Black Bean Mushroom Chilli by Rhiannon Lambert
We asked Nutritionist Rhiannon Lambert to share her favourite veggie packed recipe for a cosy evening.
Warming Veggie Packed Chilli
Whether you eat meat or not, it’s really important to have some vegetarian meals in your diet.
This hearty dish by Rhiannon Lambert is a firm favourite of ours. Try mixing and matching your veg, adding in leftovers or swapping the type of bean if black beans are not your favourite. You could serve this with a jacket potato or with cooked brown rice, fresh chilli (or jalapeños), avocado and lime wedges.

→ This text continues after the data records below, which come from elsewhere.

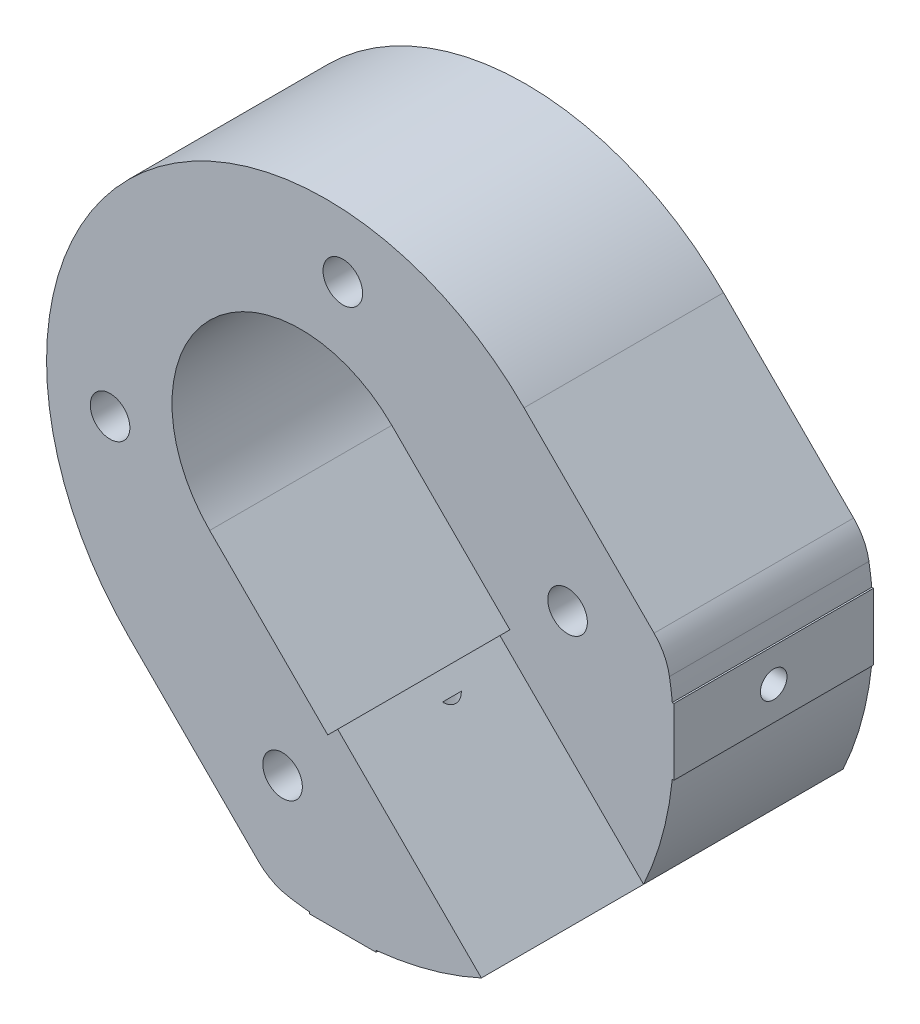
ISO-10303-21;
HEADER;
FILE_DESCRIPTION(('STEP AP214'),'2;1');
FILE_NAME('part.step','',(''),(''),'','','');
FILE_SCHEMA(('AUTOMOTIVE_DESIGN { 1 0 10303 214 1 1 1 1 }'));
ENDSEC;
DATA;
#1=APPLICATION_CONTEXT('core data for automotive mechanical design processes');
#2=APPLICATION_PROTOCOL_DEFINITION('international standard','automotive_design',2000,#1);
#3=PRODUCT_CONTEXT('',#1,'mechanical');
#4=PRODUCT('Part','Part','',(#3));
#5=PRODUCT_RELATED_PRODUCT_CATEGORY('part','',(#4));
#6=PRODUCT_DEFINITION_FORMATION('','',#4);
#7=PRODUCT_DEFINITION_CONTEXT('part definition',#1,'design');
#8=PRODUCT_DEFINITION('design','',#6,#7);
#9=PRODUCT_DEFINITION_SHAPE('','',#8);
#10=(LENGTH_UNIT() NAMED_UNIT(*) SI_UNIT(.MILLI.,.METRE.));
#11=(NAMED_UNIT(*) PLANE_ANGLE_UNIT() SI_UNIT($,.RADIAN.));
#12=(NAMED_UNIT(*) SI_UNIT($,.STERADIAN.) SOLID_ANGLE_UNIT());
#13=UNCERTAINTY_MEASURE_WITH_UNIT(LENGTH_MEASURE(1.E-05),#10,'distance_accuracy_value','');
#14=(GEOMETRIC_REPRESENTATION_CONTEXT(3) GLOBAL_UNCERTAINTY_ASSIGNED_CONTEXT((#13)) GLOBAL_UNIT_ASSIGNED_CONTEXT((#10,
#11,#12)) REPRESENTATION_CONTEXT('',''));
#15=CARTESIAN_POINT('',(0.,0.,0.));
#16=DIRECTION('',(0.,0.,1.));
#17=DIRECTION('',(1.,0.,0.));
#18=AXIS2_PLACEMENT_3D('',#15,#16,#17);
#19=CARTESIAN_POINT('',(20.8397644139722,-45.2349483649082,15.));
#20=DIRECTION('',(-0.707106781186549,-0.707106781186546,0.));
#21=DIRECTION('',(0.707106781186546,-0.707106781186549,0.));
#22=AXIS2_PLACEMENT_3D('',#19,#20,#21);
#23=PLANE('',#22);
#24=DIRECTION('',(0.,0.,-1.));
#25=VECTOR('',#24,1.);
#26=CARTESIAN_POINT('',(20.8397644139722,-45.2349483649082,15.));
#27=LINE('',#26,#25);
#28=CARTESIAN_POINT('',(20.8397644139722,-45.2349483649082,15.));
#29=VERTEX_POINT('',#28);
#30=CARTESIAN_POINT('',(20.8397644139722,-45.2349483649082,-15.));
#31=VERTEX_POINT('',#30);
#32=EDGE_CURVE('E366',#29,#31,#27,.T.);
#33=ORIENTED_EDGE('',*,*,#32,.T.);
#34=DIRECTION('',(-0.707106781186546,0.707106781186549,0.));
#35=VECTOR('',#34,1.);
#36=CARTESIAN_POINT('',(20.8397644139722,-45.2349483649082,-15.));
#37=LINE('',#36,#35);
#38=CARTESIAN_POINT('',(-0.763433331346862,-23.6317506195891,-15.));
#39=VERTEX_POINT('',#38);
#40=EDGE_CURVE('E221',#31,#39,#37,.T.);
#41=ORIENTED_EDGE('',*,*,#40,.T.);
#42=DIRECTION('',(0.,0.,-1.));
#43=VECTOR('',#42,1.);
#44=CARTESIAN_POINT('',(-0.763433331346862,-23.6317506195891,15.));
#45=LINE('',#44,#43);
#46=CARTESIAN_POINT('',(-0.763433331346862,-23.6317506195891,15.));
#47=VERTEX_POINT('',#46);
#48=EDGE_CURVE('E364',#47,#39,#45,.T.);
#49=ORIENTED_EDGE('',*,*,#48,.F.);
#50=DIRECTION('',(-0.707106781186546,0.707106781186549,0.));
#51=VECTOR('',#50,1.);
#52=CARTESIAN_POINT('',(20.8397644139722,-45.2349483649082,15.));
#53=LINE('',#52,#51);
#54=EDGE_CURVE('E286',#29,#47,#53,.T.);
#55=ORIENTED_EDGE('',*,*,#54,.F.);
#56=EDGE_LOOP('',(#33,#41,#49,#55));
#57=FACE_BOUND('',#56,.T.);
#58=CARTESIAN_POINT('',(0.,-24.3951839509359,0.));
#59=DIRECTION('',(-0.707106781186549,-0.707106781186546,0.));
#60=DIRECTION('',(0.707106781186546,-0.707106781186549,0.));
#61=AXIS2_PLACEMENT_3D('',#58,#59,#60);
#62=ELLIPSE('',#61,2.8284271247462,2.);
#63=CARTESIAN_POINT('',(1.40939750906406,-25.80458146,1.41901327035513));
#64=VERTEX_POINT('',#63);
#65=CARTESIAN_POINT('',(1.40939750906406,-25.80458146,-1.41901327035513));
#66=VERTEX_POINT('',#65);
#67=EDGE_CURVE('E212',#64,#66,#62,.F.);
#68=ORIENTED_EDGE('',*,*,#67,.F.);
#69=DIRECTION('',(0.,0.,-1.));
#70=VECTOR('',#69,1.);
#71=CARTESIAN_POINT('',(1.40939750906406,-25.80458146,15.));
#72=LINE('',#71,#70);
#73=EDGE_CURVE('E46',#64,#66,#72,.T.);
#74=ORIENTED_EDGE('',*,*,#73,.T.);
#75=EDGE_LOOP('',(#68,#74));
#76=FACE_BOUND('',#75,.T.);
#77=ADVANCED_FACE('F38',(#57,#76),#23,.F.);
#78=CARTESIAN_POINT('',(5.,-49.5529649406146,15.));
#79=DIRECTION('',(-1.,0.,0.));
#80=DIRECTION('',(0.,-1.,0.));
#81=AXIS2_PLACEMENT_3D('',#78,#79,#80);
#82=PLANE('',#81);
#83=DIRECTION('',(0.,0.,-1.));
#84=VECTOR('',#83,1.);
#85=CARTESIAN_POINT('',(5.,-49.80458146,15.));
#86=LINE('',#85,#84);
#87=CARTESIAN_POINT('',(5.,-49.80458146,15.));
#88=VERTEX_POINT('',#87);
#89=CARTESIAN_POINT('',(5.,-49.80458146,-15.));
#90=VERTEX_POINT('',#89);
#91=EDGE_CURVE('E326',#88,#90,#86,.T.);
#92=ORIENTED_EDGE('',*,*,#91,.T.);
#93=DIRECTION('',(0.,1.,0.));
#94=VECTOR('',#93,1.);
#95=CARTESIAN_POINT('',(5.,-49.5529649406146,-15.));
#96=LINE('',#95,#94);
#97=CARTESIAN_POINT('',(4.99999999999997,-49.5529649406146,-15.));
#98=VERTEX_POINT('',#97);
#99=EDGE_CURVE('E215',#90,#98,#96,.T.);
#100=ORIENTED_EDGE('',*,*,#99,.T.);
#101=DIRECTION('',(0.,0.,-1.));
#102=VECTOR('',#101,1.);
#103=CARTESIAN_POINT('',(4.99999999999997,-49.5529649406146,15.));
#104=LINE('',#103,#102);
#105=CARTESIAN_POINT('',(4.99999999999997,-49.5529649406146,15.));
#106=VERTEX_POINT('',#105);
#107=EDGE_CURVE('E368',#106,#98,#104,.T.);
#108=ORIENTED_EDGE('',*,*,#107,.F.);
#109=DIRECTION('',(0.,1.,0.));
#110=VECTOR('',#109,1.);
#111=CARTESIAN_POINT('',(5.,-49.5529649406146,15.));
#112=LINE('',#111,#110);
#113=EDGE_CURVE('E281',#88,#106,#112,.T.);
#114=ORIENTED_EDGE('',*,*,#113,.F.);
#115=EDGE_LOOP('',(#92,#100,#108,#114));
#116=FACE_BOUND('',#115,.T.);
#117=ADVANCED_FACE('F40',(#116),#82,.F.);
#118=CARTESIAN_POINT('',(0.,0.,15.));
#119=DIRECTION('',(0.,0.,-1.));
#120=DIRECTION('',(-1.,0.,0.));
#121=AXIS2_PLACEMENT_3D('',#118,#119,#120);
#122=CYLINDRICAL_SURFACE('',#121,49.80458146);
#123=ORIENTED_EDGE('',*,*,#107,.T.);
#124=CARTESIAN_POINT('',(0.,0.,-15.));
#125=DIRECTION('',(0.,0.,1.));
#126=DIRECTION('',(1.,0.,0.));
#127=AXIS2_PLACEMENT_3D('',#124,#125,#126);
#128=CIRCLE('',#127,49.80458146);
#129=EDGE_CURVE('E218',#98,#31,#128,.T.);
#130=ORIENTED_EDGE('',*,*,#129,.T.);
#131=ORIENTED_EDGE('',*,*,#32,.F.);
#132=CARTESIAN_POINT('',(0.,0.,15.));
#133=DIRECTION('',(0.,0.,1.));
#134=DIRECTION('',(1.,0.,0.));
#135=AXIS2_PLACEMENT_3D('',#132,#133,#134);
#136=CIRCLE('',#135,49.80458146);
#137=EDGE_CURVE('E284',#106,#29,#136,.T.);
#138=ORIENTED_EDGE('',*,*,#137,.F.);
#139=EDGE_LOOP('',(#123,#130,#131,#138));
#140=FACE_BOUND('',#139,.T.);
#141=ADVANCED_FACE('F396',(#140),#122,.T.);
#142=CARTESIAN_POINT('',(-0.763433331346862,-23.6317506195891,15.));
#143=DIRECTION('',(0.707106781186441,-0.707106781186654,0.));
#144=DIRECTION('',(0.707106781186654,0.707106781186441,0.));
#145=AXIS2_PLACEMENT_3D('',#142,#143,#144);
#146=PLANE('',#145);
#147=ORIENTED_EDGE('',*,*,#48,.T.);
#148=DIRECTION('',(-0.707106781186654,-0.707106781186441,0.));
#149=VECTOR('',#148,1.);
#150=CARTESIAN_POINT('',(-0.763433331346862,-23.6317506195891,-15.));
#151=LINE('',#150,#149);
#152=CARTESIAN_POINT('',(-2.26035594671568,-25.1286732349574,-15.));
#153=VERTEX_POINT('',#152);
#154=EDGE_CURVE('E224',#39,#153,#151,.T.);
#155=ORIENTED_EDGE('',*,*,#154,.T.);
#156=DIRECTION('',(0.,0.,-1.));
#157=VECTOR('',#156,1.);
#158=CARTESIAN_POINT('',(-2.26035594671568,-25.1286732349574,15.));
#159=LINE('',#158,#157);
#160=CARTESIAN_POINT('',(-2.26035594671568,-25.1286732349574,15.));
#161=VERTEX_POINT('',#160);
#162=EDGE_CURVE('E362',#161,#153,#159,.T.);
#163=ORIENTED_EDGE('',*,*,#162,.F.);
#164=DIRECTION('',(-0.707106781186654,-0.707106781186441,0.));
#165=VECTOR('',#164,1.);
#166=CARTESIAN_POINT('',(-0.763433331346862,-23.6317506195891,15.));
#167=LINE('',#166,#165);
#168=EDGE_CURVE('E288',#47,#161,#167,.T.);
#169=ORIENTED_EDGE('',*,*,#168,.F.);
#170=EDGE_LOOP('',(#147,#155,#163,#169));
#171=FACE_BOUND('',#170,.T.);
#172=ADVANCED_FACE('F399',(#171),#146,.F.);
#173=CARTESIAN_POINT('',(-2.26035594671568,-25.1286732349574,15.));
#174=DIRECTION('',(-0.707106781186549,-0.707106781186546,0.));
#175=DIRECTION('',(0.707106781186546,-0.707106781186549,0.));
#176=AXIS2_PLACEMENT_3D('',#173,#174,#175);
#177=PLANE('',#176);
#178=ORIENTED_EDGE('',*,*,#162,.T.);
#179=DIRECTION('',(-0.707106781186546,0.707106781186549,0.));
#180=VECTOR('',#179,1.);
#181=CARTESIAN_POINT('',(-2.26035594671568,-25.1286732349574,-15.));
#182=LINE('',#181,#180);
#183=CARTESIAN_POINT('',(-20.0175175344704,-7.3715116472027,-15.));
#184=VERTEX_POINT('',#183);
#185=EDGE_CURVE('E227',#153,#184,#182,.T.);
#186=ORIENTED_EDGE('',*,*,#185,.T.);
#187=DIRECTION('',(0.,0.,-1.));
#188=VECTOR('',#187,1.);
#189=CARTESIAN_POINT('',(-20.0175175344704,-7.3715116472027,15.));
#190=LINE('',#189,#188);
#191=CARTESIAN_POINT('',(-20.0175175344704,-7.3715116472027,15.));
#192=VERTEX_POINT('',#191);
#193=EDGE_CURVE('E360',#192,#184,#190,.T.);
#194=ORIENTED_EDGE('',*,*,#193,.F.);
#195=DIRECTION('',(-0.707106781186546,0.707106781186549,0.));
#196=VECTOR('',#195,1.);
#197=CARTESIAN_POINT('',(-2.26035594671568,-25.1286732349574,15.));
#198=LINE('',#197,#196);
#199=EDGE_CURVE('E290',#161,#192,#198,.T.);
#200=ORIENTED_EDGE('',*,*,#199,.F.);
#201=EDGE_LOOP('',(#178,#186,#194,#200));
#202=FACE_BOUND('',#201,.T.);
#203=ADVANCED_FACE('F406',(#202),#177,.F.);
#204=CARTESIAN_POINT('',(-6.3230029436338,6.3230029436338,15.));
#205=DIRECTION('',(0.,0.,-1.));
#206=DIRECTION('',(-1.,0.,0.));
#207=AXIS2_PLACEMENT_3D('',#204,#205,#206);
#208=CYLINDRICAL_SURFACE('',#207,19.3669682644773);
#209=ORIENTED_EDGE('',*,*,#193,.T.);
#210=CARTESIAN_POINT('',(-6.3230029436338,6.3230029436338,-15.));
#211=DIRECTION('',(0.,0.,-1.));
#212=DIRECTION('',(1.,0.,0.));
#213=AXIS2_PLACEMENT_3D('',#210,#211,#212);
#214=CIRCLE('',#213,19.3669682644773);
#215=CARTESIAN_POINT('',(7.37151164720273,20.0175175344703,-15.));
#216=VERTEX_POINT('',#215);
#217=EDGE_CURVE('E230',#184,#216,#214,.T.);
#218=ORIENTED_EDGE('',*,*,#217,.T.);
#219=DIRECTION('',(0.,0.,-1.));
#220=VECTOR('',#219,1.);
#221=CARTESIAN_POINT('',(7.37151164720273,20.0175175344703,15.));
#222=LINE('',#221,#220);
#223=CARTESIAN_POINT('',(7.37151164720273,20.0175175344703,15.));
#224=VERTEX_POINT('',#223);
#225=EDGE_CURVE('E358',#224,#216,#222,.T.);
#226=ORIENTED_EDGE('',*,*,#225,.F.);
#227=CARTESIAN_POINT('',(-6.3230029436338,6.3230029436338,15.));
#228=DIRECTION('',(0.,0.,-1.));
#229=DIRECTION('',(1.,0.,0.));
#230=AXIS2_PLACEMENT_3D('',#227,#228,#229);
#231=CIRCLE('',#230,19.3669682644773);
#232=EDGE_CURVE('E292',#192,#224,#231,.T.);
#233=ORIENTED_EDGE('',*,*,#232,.F.);
#234=EDGE_LOOP('',(#209,#218,#226,#233));
#235=FACE_BOUND('',#234,.T.);
#236=ADVANCED_FACE('F497',(#235),#208,.F.);
#237=CARTESIAN_POINT('',(25.1286732349579,2.26035594671519,15.));
#238=DIRECTION('',(0.707106781186548,0.707106781186547,0.));
#239=DIRECTION('',(-0.707106781186547,0.707106781186548,0.));
#240=AXIS2_PLACEMENT_3D('',#237,#238,#239);
#241=PLANE('',#240);
#242=ORIENTED_EDGE('',*,*,#225,.T.);
#243=DIRECTION('',(0.707106781186548,-0.707106781186548,0.));
#244=VECTOR('',#243,1.);
#245=CARTESIAN_POINT('',(25.1286732349579,2.26035594671519,-15.));
#246=LINE('',#245,#244);
#247=CARTESIAN_POINT('',(25.1286732349579,2.26035594671519,-15.));
#248=VERTEX_POINT('',#247);
#249=EDGE_CURVE('E233',#216,#248,#246,.T.);
#250=ORIENTED_EDGE('',*,*,#249,.T.);
#251=DIRECTION('',(0.,0.,-1.));
#252=VECTOR('',#251,1.);
#253=CARTESIAN_POINT('',(25.1286732349579,2.26035594671519,15.));
#254=LINE('',#253,#252);
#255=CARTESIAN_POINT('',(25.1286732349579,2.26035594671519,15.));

Delicious!
You will need the below:
Ingredients (serves 4):
- 2 tbsp olive oil
- 2 white onions, finely diced
- 4 garlic cloves, finely chopped
- 250g chestnut mushrooms, thinly sliced
- 50g button mushrooms, thinly sliced
- 2 tsp smoked paprika
- 2 tsp chilli flakes (to taste)
- 1 tsp ground cumin
- 1 tsp ground coriander
- 1⁄4 tsp cayenne pepper
- 1 carrot grated
- 2 x 400g tins black beans, drained and rinsed
- 1 x 400g tin chopped tomatoes
- 200ml vegetable stock
- Juice of 1 lime
- Handful of coriander
- A pinch of salt and black pepper
- In a large pan or frying pan with a lid, warm the olive oil over a medium heat.
- Add the onions with a pinch of salt and sauté until softened, about 3–4 minutes.
- Add the garlic and cook for a further minute before adding the mushrooms.
- Increase the heat a little and cook the mushrooms for 5–10 minutes until they have browned.
- Now add all the spices, allowing them to toast and coat all the ingredients.
- Then add the grated carrot, beans, tomatoes and the stock. Bring to the boil then reduce to a simmer, cover and cook over a low heat for 30–60 minutes, stirring from time to time (a longer cooking time is best for a richer flavour).
- Remove the lid for the last 5 minutes of cooking to allow some of the excess liquid to evaporate and for the chilli to thicken.
- Add the lime juice and season to taste. Serve with brown rice and top with sliced chillies, diced avocado and lime wedges. Roughly tear over the coriander.